The base theory is $\mathsf{ZF}$.
The Boolean Prime Ideal Theorem ($\mathsf{BPI}$) states
Every Boolean algebra contains a prime ideal.
The Countable Axiom of Choice ($\mathsf{AC}^{\omega}$) states
Every countable collection of non-empty sets has a choice function.
The Infinite Ramsey Theorem ($\mathsf{RT}$) states
Let $A$ be an infinite set. For any $r,p\in\mathbb{N}$, and for any function $c:[A]^{p}\rightarrow [r]$, there exists an infinite subset $B\subseteq A$ such that $c|_{[B]^{p}}$ is constant.
Where $[X]^{p}$ is the set of $p$-subsets of $X$ and $[r]=\{1,\ldots,r\}$.
In Ramsey's theorem in the hierarchy of choice principles, by Andreas Blass, it is stated that
- Neither $\mathsf{BPI}\not\Rightarrow\mathsf{RT}$ nor $\mathsf{RT}\not\Rightarrow\mathsf{BPI}$. Although, $\mathsf{BPI}\Rightarrow\mathsf{AC}_{\mathrm{fin}}$ (the axiom of choice for families of finite sets) and this implication is not reversible.
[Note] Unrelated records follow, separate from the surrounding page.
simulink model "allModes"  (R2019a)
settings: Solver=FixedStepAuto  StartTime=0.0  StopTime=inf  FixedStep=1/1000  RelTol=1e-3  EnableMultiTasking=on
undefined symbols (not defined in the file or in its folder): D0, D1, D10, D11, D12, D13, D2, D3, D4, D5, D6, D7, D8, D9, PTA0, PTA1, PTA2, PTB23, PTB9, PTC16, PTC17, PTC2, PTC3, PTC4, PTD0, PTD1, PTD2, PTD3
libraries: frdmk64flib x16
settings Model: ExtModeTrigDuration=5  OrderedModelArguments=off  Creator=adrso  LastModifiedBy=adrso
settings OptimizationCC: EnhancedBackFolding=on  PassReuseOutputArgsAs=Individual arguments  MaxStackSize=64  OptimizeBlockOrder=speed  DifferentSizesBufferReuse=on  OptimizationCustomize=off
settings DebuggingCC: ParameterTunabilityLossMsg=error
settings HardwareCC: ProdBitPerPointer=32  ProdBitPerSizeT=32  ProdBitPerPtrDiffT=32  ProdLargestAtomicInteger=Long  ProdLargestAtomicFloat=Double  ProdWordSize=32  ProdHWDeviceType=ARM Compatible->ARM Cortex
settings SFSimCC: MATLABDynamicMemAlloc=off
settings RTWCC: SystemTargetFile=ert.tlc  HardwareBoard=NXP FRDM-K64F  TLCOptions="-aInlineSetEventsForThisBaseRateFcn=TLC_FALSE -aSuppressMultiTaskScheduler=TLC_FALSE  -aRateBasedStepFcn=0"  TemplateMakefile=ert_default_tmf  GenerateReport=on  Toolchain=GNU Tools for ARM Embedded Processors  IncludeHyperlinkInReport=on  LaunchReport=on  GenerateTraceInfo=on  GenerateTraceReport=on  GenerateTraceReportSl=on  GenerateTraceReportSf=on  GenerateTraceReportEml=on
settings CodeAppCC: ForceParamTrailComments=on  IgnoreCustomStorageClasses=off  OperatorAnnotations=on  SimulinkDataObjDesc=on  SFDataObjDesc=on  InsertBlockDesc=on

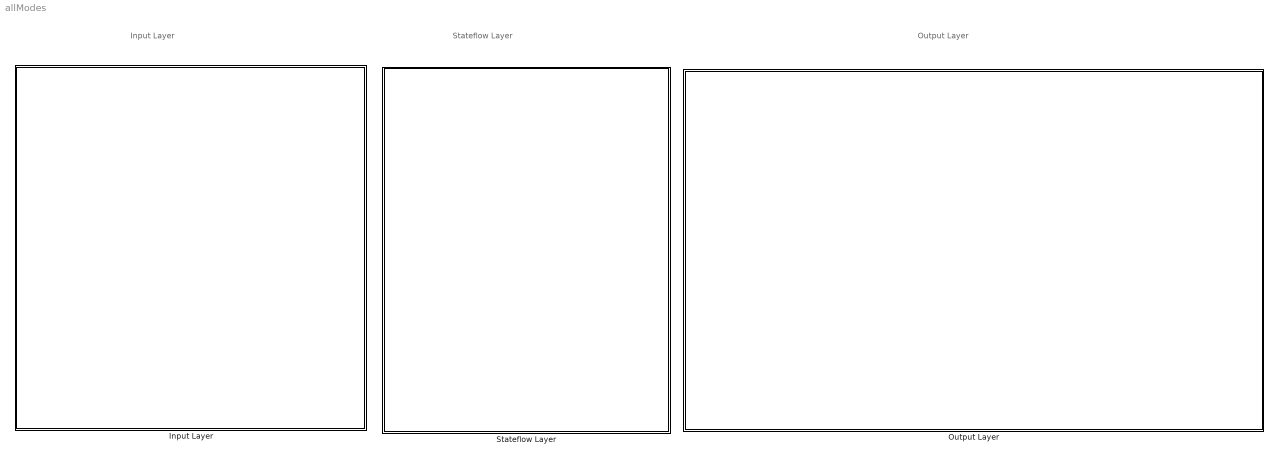
== system allModes ==
  note: Input Layer
  note: Stateflow Layer
  note: Output Layer
  Input Layer : Subsystem
      mask Display: image('pacemakerInChest.jpg');
  Output Layer : Subsystem
      mask Display: image('frdmk64f.jpg');
  Stateflow Layer : Subsystem
      mask Display: image('matlabMeme.png');

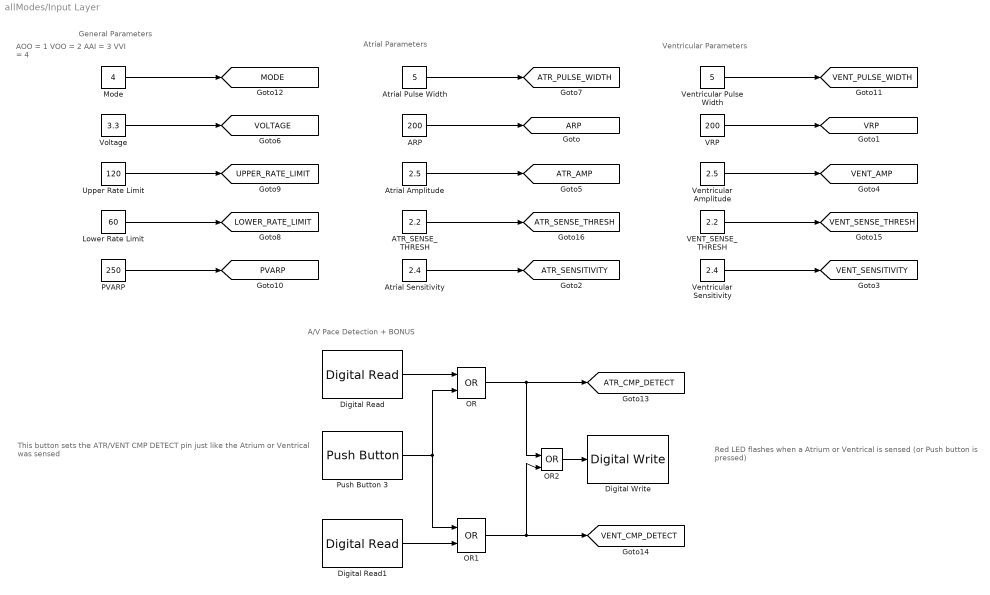
== system allModes/Input Layer ==
  note: AOO = 1
      | VOO = 2
      | AAI = 3
      | VVI = 4
  note: Red LED flashes when a Atrium or Ventrical
      | is sensed (or Push button is pressed)
  note: This button sets the ATR/VENT CMP DETECT
      | pin just like the Atrium or Ventrical was sensed
  note: Ventricular Parameters
  note: Atrial Parameters
  note: A/V Pace Detection + BONUS
  note: General Parameters
  ARP : Constant  Value=200  OutDataTypeStr=uint16
  ATR_SENSE_THRESH : Constant  Value=2.2  OutDataTypeStr=double
  Atrial Amplitude : Constant  Value=2.5  OutDataTypeStr=double
  Atrial Pulse Width : Constant  Value=5  OutDataTypeStr=uint8
  Atrial Sensitivity : Constant  Value=2.4  OutDataTypeStr=double
  Digital Read : frdmk64flib/Digital Read  Whichpin=PTC16 (D0)  SampleTime=-1
      settings: SourceProductName=Simulink Coder Support Package for NXP FRDM-K64F Board
  Digital Read1 : frdmk64flib/Digital Read  Whichpin=PTC17 (D1)  SampleTime=-1
      settings: SourceProductName=Simulink Coder Support Package for NXP FRDM-K64F Board
  Digital Write : frdmk64flib/Digital Write  Whichpin=RED_LED
      settings: SourceProductName=Simulink Coder Support Package for NXP FRDM-K64F Board
  Lower Rate Limit : Constant  Value=60  OutDataTypeStr=uint8
  Mode : Constant  Value=4  OutDataTypeStr=uint8
  OR : Logic  Operator=OR  IconShape=distinctive  AllPortsSameDT=off  OutDataTypeStr=boolean
  OR1 : Logic  Operator=OR  IconShape=distinctive  AllPortsSameDT=off  OutDataTypeStr=boolean
  OR2 : Logic  Operator=OR  IconShape=distinctive  AllPortsSameDT=off  OutDataTypeStr=boolean
  PVARP : Constant  Value=250  OutDataTypeStr=uint16
  Push Button 3 : frdmk64flib/Push Button  Whichswitch=SW3  SampleTime1=-1
      settings: SourceProductName=Simulink Coder Support Package for NXP FRDM-K64F Board
  Upper Rate Limit : Constant  Value=120  OutDataTypeStr=uint8
  VENT_SENSE_THRESH : Constant  Value=2.2  OutDataTypeStr=double
  VRP : Constant  Value=200  OutDataTypeStr=uint16
  Ventricular Amplitude : Constant  Value=2.5  OutDataTypeStr=double
  Ventricular Pulse Width : Constant  Value=5  OutDataTypeStr=uint8
  Ventricular Sensitivity : Constant  Value=2.4  OutDataTypeStr=double
  Voltage : Constant  Value=3.3  OutDataTypeStr=double
  tag scope: ARP=global, ATR_AMP=global, ATR_CMP_DETECT=global, ATR_PULSE_WIDTH=global, ATR_SENSE_THRESH=global, ATR_SENSITIVITY=global, LOWER_RATE_LIMIT=global, MODE=global, PVARP=global, UPPER_RATE_LIMIT=global, VENT_AMP=global, VENT_CMP_DETECT=global, VENT_PULSE_WIDTH=global, VENT_SENSE_THRESH=global, VENT_SENSITIVITY=global, VOLTAGE=global, VRP=global
  wires:
  Ventricular Amplitude/1 -> [VENT_AMP]
  ARP/1 -> [ARP]
  Atrial Amplitude/1 -> [ATR_AMP]
  VRP/1 -> [VRP]
  Voltage/1 -> [VOLTAGE]
  Atrial Sensitivity/1 -> [ATR_SENSITIVITY]
  Ventricular Sensitivity/1 -> [VENT_SENSITIVITY]
  Upper Rate Limit/1 -> [UPPER_RATE_LIMIT]
  Mode/1 -> [MODE]
  Lower Rate Limit/1 -> [LOWER_RATE_LIMIT]
  Ventricular Pulse Width/1 -> [VENT_PULSE_WIDTH]
  Atrial Pulse Width/1 -> [ATR_PULSE_WIDTH]
  Digital Read1/1 -> OR1/2
  VENT_SENSE_THRESH/1 -> [VENT_SENSE_THRESH]
  ATR_SENSE_THRESH/1 -> [ATR_SENSE_THRESH]
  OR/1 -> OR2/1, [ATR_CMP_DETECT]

- $\mathsf{AC}^{\omega}\Rightarrow \mathsf{RT}$, and this implication is not reversible. Although, $\mathsf{RT}\Rightarrow\mathsf{AC}^{\omega}_{\mathrm{fin}}$ (the countable axiom of choice for non-empty finite sets, which is $\mathsf{ZF}$-equivalent to KÅ‘nig's Infinity Lemma) and this implication is not reversible.
Hence, $\mathsf{BPI}\not\Rightarrow\mathsf{AC}^{\omega}$, for otherwise $\mathsf{BPI}$ would imply $\mathrm{RT}$. Also, $\mathrm{AC}^{\omega}\not\Rightarrow\mathsf{BPI}$, for otherwise $\mathsf{AC}^{\omega}$ would imply $\mathsf{AC}_{\mathrm{fin}}$.
It appears then $\mathsf{BPI}$ and $\mathsf{AC}^{\omega}$ have no logical relation (in the sense described no one is weaker/stronger than the other). Is this correct? Are they related in any other way?
The reason why I wanted to find out how they relate to each other is that they both potentially involve the uncountable. On the one hand, for example, $\mathsf{BPI}$ is $\mathsf{ZF}$-equivalent to full propositional (or first-order) compactness, which may involve an uncountable set of formulas. On the other, the sets involved in the statement of $\mathsf{AC}^{\omega}$ may be uncountable. I guess, in a sense, this is a relationship between them.
Edit: This answer has related, and interesting results.
Best Answer
Yes. That is correct.
In the Cohen model the Boolean Prime Ideal theorem holds, but there is a Dedekind finite set, which is a contradiction to countable choice.
On the other hand, $L(\Bbb R)$ of the Cohen model satisfy Dependent Choice, which is stronger than countable choice, and there are no free ultrafilters on $\omega$, so the Boolean Prime Ideal theorem fails.